Theoretisch läge die Sache zwar anders, erläutert Welan gegenüber der "Wiener Zeitung", da könnte Fischer etwa den Kanzler entlassen. Nur wäre das ein Bruch mit der Konvention, weshalb auch noch kein Präsident dieses Mittel eingesetzt hat. Und dass ausgerechnet der ausgewiesene Verfassungsexperte Fischer als erster zu diesem Mittel greift, hält Welan für so gut wie ausgeschlossen.
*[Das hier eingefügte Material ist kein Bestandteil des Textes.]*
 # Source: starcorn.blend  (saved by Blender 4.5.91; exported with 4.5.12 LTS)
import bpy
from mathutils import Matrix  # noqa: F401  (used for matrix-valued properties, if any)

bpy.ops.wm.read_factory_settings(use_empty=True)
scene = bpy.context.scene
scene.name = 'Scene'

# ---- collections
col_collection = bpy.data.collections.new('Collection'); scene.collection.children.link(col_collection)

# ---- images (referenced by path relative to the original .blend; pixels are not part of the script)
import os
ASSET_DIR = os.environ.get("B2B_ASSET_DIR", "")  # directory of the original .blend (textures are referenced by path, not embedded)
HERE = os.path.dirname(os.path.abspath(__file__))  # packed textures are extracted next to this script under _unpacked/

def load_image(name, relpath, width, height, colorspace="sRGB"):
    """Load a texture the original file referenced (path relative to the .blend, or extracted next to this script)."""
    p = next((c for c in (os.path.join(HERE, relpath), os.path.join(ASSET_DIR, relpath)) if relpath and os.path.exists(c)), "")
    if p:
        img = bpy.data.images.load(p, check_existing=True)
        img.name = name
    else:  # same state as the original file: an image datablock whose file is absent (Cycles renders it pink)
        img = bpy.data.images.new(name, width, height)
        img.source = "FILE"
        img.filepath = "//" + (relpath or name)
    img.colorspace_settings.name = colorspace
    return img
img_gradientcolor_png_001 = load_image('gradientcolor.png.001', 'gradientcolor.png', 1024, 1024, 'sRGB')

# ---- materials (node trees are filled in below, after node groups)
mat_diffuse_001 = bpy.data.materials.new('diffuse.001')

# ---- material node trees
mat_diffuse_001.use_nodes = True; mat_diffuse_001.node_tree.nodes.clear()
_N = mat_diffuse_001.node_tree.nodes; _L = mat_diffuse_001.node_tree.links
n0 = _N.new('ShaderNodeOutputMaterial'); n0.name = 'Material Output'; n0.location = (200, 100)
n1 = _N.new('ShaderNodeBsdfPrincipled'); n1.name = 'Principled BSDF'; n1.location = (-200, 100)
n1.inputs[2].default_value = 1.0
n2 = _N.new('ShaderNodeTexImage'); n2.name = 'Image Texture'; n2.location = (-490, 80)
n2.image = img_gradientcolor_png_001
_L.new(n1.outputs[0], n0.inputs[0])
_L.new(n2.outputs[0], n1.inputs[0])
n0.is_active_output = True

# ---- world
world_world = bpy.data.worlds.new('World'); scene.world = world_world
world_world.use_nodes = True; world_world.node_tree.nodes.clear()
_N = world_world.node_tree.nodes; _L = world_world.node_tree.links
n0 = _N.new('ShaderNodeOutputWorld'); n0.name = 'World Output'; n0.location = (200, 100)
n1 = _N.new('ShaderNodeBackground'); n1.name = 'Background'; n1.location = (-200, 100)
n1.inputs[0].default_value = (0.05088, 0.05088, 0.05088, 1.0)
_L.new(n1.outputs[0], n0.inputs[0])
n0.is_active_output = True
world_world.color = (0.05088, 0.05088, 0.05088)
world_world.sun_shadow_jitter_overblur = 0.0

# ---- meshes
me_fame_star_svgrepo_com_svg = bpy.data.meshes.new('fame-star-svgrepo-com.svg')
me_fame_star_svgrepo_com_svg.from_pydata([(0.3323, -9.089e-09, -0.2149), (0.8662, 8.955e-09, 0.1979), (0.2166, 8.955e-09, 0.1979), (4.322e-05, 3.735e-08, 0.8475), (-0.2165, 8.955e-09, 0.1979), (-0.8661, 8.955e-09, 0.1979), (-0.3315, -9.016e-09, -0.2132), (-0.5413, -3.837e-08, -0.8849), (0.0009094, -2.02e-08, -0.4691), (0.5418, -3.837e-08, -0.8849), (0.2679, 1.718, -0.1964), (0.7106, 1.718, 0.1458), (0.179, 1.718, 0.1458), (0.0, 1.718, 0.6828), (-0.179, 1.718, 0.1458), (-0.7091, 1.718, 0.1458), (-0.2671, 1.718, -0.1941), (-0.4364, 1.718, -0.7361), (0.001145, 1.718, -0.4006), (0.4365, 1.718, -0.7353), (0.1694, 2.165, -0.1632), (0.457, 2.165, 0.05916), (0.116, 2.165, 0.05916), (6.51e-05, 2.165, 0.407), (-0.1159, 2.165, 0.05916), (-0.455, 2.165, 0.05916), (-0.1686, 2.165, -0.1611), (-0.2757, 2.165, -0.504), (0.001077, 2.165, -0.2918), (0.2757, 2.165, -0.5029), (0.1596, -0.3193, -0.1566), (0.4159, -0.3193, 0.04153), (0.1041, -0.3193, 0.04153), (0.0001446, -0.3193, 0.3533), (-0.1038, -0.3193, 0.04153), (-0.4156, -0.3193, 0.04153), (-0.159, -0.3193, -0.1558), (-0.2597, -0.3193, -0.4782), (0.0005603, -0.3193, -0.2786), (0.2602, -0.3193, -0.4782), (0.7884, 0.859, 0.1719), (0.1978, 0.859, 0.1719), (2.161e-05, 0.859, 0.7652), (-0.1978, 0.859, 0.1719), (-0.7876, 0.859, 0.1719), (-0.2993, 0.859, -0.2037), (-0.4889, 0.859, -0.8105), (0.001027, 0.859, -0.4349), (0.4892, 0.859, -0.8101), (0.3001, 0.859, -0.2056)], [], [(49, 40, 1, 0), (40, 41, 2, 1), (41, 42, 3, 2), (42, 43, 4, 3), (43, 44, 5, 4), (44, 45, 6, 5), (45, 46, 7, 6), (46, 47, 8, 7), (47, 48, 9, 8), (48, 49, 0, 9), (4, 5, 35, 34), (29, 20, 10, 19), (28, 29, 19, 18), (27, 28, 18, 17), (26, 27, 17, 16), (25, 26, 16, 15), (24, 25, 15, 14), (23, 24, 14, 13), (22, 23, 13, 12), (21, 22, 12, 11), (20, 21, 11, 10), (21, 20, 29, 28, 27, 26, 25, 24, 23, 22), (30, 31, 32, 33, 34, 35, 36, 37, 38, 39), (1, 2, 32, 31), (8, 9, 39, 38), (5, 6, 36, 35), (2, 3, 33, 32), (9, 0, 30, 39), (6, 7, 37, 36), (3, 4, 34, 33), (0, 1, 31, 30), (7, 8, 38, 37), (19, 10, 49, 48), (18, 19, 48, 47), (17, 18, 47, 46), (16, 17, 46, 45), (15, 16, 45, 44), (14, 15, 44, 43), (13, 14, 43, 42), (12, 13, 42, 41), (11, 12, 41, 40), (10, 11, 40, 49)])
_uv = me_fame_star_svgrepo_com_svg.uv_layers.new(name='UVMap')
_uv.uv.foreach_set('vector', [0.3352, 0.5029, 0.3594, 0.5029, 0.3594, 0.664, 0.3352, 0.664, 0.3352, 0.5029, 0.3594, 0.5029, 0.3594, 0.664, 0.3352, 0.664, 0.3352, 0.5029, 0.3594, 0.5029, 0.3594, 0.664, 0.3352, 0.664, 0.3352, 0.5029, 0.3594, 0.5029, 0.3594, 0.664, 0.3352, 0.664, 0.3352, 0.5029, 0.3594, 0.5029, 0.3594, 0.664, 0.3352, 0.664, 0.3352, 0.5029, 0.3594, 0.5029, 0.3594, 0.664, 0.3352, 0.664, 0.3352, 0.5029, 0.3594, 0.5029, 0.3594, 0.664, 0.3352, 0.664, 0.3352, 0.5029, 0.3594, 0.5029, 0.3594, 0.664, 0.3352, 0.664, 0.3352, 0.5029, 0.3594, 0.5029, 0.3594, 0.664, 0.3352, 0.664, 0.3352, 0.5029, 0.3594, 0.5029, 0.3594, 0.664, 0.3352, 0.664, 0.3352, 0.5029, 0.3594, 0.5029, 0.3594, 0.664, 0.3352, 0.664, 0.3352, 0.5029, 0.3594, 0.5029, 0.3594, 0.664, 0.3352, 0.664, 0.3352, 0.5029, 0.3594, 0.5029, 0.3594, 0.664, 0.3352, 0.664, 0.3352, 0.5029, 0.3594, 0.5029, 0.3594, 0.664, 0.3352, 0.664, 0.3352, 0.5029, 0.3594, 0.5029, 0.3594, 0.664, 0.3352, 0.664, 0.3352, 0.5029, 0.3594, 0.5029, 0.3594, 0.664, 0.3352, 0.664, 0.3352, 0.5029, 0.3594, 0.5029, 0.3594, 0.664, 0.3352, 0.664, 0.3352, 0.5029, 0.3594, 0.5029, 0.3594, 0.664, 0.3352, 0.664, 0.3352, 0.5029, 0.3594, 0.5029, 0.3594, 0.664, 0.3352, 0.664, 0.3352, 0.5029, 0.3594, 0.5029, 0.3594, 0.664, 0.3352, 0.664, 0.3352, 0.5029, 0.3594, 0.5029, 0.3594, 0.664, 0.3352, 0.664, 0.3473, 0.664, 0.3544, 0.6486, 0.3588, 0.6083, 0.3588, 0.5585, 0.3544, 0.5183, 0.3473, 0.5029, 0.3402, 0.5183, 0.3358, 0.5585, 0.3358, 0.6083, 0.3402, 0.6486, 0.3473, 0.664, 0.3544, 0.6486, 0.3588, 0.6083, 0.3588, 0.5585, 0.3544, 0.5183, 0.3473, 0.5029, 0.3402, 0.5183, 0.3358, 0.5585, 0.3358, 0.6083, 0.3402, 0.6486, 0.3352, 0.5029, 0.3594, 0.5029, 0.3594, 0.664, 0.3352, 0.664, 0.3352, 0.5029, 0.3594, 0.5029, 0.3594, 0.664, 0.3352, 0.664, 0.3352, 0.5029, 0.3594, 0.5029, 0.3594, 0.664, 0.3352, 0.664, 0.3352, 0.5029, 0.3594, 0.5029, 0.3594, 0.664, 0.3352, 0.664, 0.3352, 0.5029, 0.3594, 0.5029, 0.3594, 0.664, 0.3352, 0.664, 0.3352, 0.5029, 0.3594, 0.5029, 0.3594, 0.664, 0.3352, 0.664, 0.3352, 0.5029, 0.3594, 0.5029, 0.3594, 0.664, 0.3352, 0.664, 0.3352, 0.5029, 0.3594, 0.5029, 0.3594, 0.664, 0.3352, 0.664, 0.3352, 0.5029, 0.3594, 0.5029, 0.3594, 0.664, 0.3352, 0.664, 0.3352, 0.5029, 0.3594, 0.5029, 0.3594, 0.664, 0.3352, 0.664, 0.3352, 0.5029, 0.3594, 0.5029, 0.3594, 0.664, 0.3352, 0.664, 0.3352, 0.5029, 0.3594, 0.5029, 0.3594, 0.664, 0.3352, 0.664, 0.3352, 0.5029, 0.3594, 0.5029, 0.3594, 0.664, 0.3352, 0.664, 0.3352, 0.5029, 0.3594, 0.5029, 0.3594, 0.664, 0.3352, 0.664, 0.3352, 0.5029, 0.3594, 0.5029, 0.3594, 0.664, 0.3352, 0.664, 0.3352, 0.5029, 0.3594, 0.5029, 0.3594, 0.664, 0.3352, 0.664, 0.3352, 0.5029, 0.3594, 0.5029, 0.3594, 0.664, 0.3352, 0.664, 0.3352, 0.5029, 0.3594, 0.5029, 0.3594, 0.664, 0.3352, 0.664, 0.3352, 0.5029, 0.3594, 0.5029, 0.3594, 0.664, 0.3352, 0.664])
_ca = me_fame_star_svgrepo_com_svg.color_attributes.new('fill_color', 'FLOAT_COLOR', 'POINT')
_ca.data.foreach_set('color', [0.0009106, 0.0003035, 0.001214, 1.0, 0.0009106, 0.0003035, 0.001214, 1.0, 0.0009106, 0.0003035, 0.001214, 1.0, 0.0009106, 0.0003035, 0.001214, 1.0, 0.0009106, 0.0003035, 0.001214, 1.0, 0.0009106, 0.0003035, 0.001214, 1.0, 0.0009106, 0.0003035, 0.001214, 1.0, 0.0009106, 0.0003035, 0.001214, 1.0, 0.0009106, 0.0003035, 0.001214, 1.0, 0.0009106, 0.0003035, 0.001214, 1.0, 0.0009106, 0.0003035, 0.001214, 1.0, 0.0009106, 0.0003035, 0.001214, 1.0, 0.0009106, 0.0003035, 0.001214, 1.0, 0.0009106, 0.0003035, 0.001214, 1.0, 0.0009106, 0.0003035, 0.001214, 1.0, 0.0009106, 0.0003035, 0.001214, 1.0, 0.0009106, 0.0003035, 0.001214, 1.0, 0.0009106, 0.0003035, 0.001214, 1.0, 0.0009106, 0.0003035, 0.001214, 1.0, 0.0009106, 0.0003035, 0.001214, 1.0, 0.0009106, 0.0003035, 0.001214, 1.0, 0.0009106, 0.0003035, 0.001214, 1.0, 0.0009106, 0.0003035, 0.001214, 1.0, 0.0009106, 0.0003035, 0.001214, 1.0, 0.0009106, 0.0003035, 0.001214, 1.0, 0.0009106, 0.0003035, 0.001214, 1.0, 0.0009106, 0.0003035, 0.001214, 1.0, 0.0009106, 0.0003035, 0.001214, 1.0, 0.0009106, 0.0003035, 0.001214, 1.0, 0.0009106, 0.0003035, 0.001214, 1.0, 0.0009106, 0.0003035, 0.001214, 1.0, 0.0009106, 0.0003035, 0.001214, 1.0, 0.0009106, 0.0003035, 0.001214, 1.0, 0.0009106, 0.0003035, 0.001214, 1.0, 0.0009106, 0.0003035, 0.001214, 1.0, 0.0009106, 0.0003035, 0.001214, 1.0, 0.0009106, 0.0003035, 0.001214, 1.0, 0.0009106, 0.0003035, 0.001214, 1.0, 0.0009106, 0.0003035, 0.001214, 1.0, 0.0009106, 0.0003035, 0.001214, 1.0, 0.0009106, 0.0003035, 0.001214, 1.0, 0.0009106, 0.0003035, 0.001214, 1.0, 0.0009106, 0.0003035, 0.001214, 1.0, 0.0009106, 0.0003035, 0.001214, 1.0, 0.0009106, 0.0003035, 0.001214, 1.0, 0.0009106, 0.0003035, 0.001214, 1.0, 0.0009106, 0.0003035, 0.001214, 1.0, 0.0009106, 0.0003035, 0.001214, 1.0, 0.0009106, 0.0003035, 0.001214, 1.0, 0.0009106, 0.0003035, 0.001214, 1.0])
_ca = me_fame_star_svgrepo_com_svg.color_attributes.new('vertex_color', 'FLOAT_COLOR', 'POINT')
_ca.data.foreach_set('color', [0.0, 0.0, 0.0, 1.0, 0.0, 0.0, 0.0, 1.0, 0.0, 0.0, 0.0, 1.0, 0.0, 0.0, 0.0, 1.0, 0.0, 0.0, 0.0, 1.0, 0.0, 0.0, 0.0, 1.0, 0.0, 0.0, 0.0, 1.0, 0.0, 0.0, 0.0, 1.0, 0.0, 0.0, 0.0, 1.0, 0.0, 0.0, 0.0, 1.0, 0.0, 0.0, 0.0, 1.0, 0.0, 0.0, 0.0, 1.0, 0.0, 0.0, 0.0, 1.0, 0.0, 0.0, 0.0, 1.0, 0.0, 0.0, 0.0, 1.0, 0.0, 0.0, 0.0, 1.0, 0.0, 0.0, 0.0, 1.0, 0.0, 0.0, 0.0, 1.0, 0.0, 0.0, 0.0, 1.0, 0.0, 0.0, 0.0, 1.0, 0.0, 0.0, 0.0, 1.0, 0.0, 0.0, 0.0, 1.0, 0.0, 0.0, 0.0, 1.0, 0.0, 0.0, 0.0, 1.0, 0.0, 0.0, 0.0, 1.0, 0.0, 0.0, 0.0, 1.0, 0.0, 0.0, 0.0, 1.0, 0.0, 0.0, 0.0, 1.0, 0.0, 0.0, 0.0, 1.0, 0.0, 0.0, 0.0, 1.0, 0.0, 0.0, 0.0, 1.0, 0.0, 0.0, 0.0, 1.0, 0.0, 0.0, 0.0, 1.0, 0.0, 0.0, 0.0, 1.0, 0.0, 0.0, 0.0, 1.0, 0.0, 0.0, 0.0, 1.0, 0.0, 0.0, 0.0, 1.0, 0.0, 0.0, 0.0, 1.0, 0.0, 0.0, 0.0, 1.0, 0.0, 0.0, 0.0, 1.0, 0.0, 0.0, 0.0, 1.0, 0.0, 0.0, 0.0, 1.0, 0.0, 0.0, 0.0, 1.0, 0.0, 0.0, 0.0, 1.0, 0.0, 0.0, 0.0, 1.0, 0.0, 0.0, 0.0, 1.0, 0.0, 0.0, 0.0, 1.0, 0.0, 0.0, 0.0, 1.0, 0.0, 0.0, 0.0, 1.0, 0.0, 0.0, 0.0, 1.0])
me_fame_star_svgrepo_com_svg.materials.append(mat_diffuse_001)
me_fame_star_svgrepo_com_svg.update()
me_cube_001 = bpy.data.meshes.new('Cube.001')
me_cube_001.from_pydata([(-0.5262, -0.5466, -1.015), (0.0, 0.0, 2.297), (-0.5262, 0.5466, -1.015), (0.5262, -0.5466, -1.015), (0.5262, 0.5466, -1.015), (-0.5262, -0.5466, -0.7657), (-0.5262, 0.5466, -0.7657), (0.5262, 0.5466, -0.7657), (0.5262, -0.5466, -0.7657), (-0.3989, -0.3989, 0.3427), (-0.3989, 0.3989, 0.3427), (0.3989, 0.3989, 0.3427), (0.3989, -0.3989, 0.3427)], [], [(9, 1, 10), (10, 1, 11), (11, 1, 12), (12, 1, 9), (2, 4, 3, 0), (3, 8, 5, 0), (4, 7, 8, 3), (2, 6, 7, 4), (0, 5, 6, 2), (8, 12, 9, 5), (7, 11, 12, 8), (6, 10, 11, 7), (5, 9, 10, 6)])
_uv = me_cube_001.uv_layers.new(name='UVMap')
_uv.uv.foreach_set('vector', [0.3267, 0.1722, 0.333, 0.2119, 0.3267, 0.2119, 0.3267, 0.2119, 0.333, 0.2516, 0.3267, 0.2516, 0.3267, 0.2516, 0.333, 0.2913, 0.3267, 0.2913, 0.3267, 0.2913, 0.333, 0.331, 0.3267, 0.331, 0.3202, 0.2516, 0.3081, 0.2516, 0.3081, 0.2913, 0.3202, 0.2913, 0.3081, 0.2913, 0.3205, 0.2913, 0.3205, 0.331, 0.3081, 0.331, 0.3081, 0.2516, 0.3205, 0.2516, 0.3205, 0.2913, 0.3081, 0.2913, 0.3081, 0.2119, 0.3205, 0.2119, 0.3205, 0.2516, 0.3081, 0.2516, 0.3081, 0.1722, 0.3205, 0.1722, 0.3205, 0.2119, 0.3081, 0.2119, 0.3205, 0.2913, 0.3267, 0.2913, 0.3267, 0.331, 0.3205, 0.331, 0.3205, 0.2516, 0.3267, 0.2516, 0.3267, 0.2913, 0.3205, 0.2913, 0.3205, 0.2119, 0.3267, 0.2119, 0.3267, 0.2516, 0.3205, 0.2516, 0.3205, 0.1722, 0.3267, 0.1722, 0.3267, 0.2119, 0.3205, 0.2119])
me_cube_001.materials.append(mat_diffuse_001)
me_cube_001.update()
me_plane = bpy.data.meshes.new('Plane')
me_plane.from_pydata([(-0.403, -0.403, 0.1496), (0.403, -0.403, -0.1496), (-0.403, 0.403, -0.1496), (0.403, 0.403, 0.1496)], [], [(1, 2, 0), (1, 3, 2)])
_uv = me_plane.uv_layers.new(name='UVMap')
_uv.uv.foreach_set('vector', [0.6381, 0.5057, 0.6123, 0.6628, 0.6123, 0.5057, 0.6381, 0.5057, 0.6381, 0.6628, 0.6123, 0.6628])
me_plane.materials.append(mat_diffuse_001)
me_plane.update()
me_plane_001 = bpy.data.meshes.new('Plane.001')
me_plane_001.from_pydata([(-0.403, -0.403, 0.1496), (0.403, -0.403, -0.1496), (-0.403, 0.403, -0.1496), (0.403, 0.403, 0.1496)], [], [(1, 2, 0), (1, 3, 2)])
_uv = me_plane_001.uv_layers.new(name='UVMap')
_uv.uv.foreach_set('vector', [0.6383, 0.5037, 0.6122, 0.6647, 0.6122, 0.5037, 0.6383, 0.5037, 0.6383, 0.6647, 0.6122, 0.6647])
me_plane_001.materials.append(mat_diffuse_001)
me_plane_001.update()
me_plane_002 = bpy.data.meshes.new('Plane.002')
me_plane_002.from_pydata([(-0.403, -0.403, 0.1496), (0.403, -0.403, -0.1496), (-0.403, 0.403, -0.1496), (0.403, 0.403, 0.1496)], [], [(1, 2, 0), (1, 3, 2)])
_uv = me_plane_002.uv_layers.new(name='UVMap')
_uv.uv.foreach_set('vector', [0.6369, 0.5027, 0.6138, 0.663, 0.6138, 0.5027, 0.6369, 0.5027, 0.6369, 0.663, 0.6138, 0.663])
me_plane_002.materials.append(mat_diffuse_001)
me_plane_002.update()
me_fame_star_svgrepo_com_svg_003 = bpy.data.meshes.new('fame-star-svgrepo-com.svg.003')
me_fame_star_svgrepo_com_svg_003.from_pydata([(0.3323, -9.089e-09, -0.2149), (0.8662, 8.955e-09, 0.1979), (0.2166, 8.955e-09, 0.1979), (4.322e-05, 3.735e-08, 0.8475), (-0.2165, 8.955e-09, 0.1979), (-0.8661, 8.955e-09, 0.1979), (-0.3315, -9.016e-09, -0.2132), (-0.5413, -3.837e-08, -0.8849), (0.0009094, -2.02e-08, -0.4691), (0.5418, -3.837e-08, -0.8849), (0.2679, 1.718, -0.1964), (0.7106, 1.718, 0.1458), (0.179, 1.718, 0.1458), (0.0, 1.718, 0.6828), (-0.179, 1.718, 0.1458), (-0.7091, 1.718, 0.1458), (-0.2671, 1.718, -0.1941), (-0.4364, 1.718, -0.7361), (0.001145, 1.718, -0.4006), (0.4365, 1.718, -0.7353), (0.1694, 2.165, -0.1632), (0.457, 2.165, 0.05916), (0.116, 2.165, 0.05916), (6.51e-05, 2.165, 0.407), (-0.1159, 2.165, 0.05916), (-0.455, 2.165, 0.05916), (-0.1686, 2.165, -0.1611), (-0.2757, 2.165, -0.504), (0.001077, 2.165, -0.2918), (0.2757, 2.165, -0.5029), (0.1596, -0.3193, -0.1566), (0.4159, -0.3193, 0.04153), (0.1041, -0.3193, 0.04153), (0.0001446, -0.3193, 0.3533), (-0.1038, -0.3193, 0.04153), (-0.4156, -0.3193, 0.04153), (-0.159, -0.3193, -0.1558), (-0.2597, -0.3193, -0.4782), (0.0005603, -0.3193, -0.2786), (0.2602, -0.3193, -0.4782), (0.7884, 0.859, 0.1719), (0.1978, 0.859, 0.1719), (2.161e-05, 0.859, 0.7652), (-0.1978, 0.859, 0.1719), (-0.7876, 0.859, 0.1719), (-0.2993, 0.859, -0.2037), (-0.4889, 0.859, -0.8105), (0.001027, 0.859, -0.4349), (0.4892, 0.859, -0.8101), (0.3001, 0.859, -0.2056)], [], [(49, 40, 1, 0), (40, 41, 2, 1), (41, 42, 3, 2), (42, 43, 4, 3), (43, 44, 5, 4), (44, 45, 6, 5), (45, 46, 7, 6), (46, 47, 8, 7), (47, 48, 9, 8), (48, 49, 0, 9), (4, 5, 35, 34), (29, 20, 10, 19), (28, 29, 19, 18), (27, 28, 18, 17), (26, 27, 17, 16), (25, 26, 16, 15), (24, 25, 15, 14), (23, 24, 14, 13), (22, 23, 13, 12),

Bliebe also die Möglichkeit, durch öffentliche Wortmeldungen den Druck auf SPÖ und ÖVP zur Zusammenarbeit zu erhöhen. Was aber, fragt Welan, sollten sich die Parteien nicht an die Wünsche des Präsidenten halten? Dann hätte der Präsident vor aller Augen seine Machtlosigkeit demonstriert. Kein erstrebenswertes Szenario.
Wie geht es also weiter? Welan: "So wie bisher." Fischer werde auf den Faktor Zeit setzen und abwarten, bis sich die Erkenntnis bei SPÖ und ÖVP durchgesetzt hat, dass keine der beiden derzeit bei Neuwahlen etwas gewinnen könne. "Fischer hat die Nerven und die Ruhe abzuwarten - überhaupt glaube ich, dass die Älteren diese Situation leichter ertragen als die Jüngeren", so Welan (71).
Am Dienstag beteuerte die ÖVP übrigens noch einmal, Neuwahlen definitiv nicht anzustreben.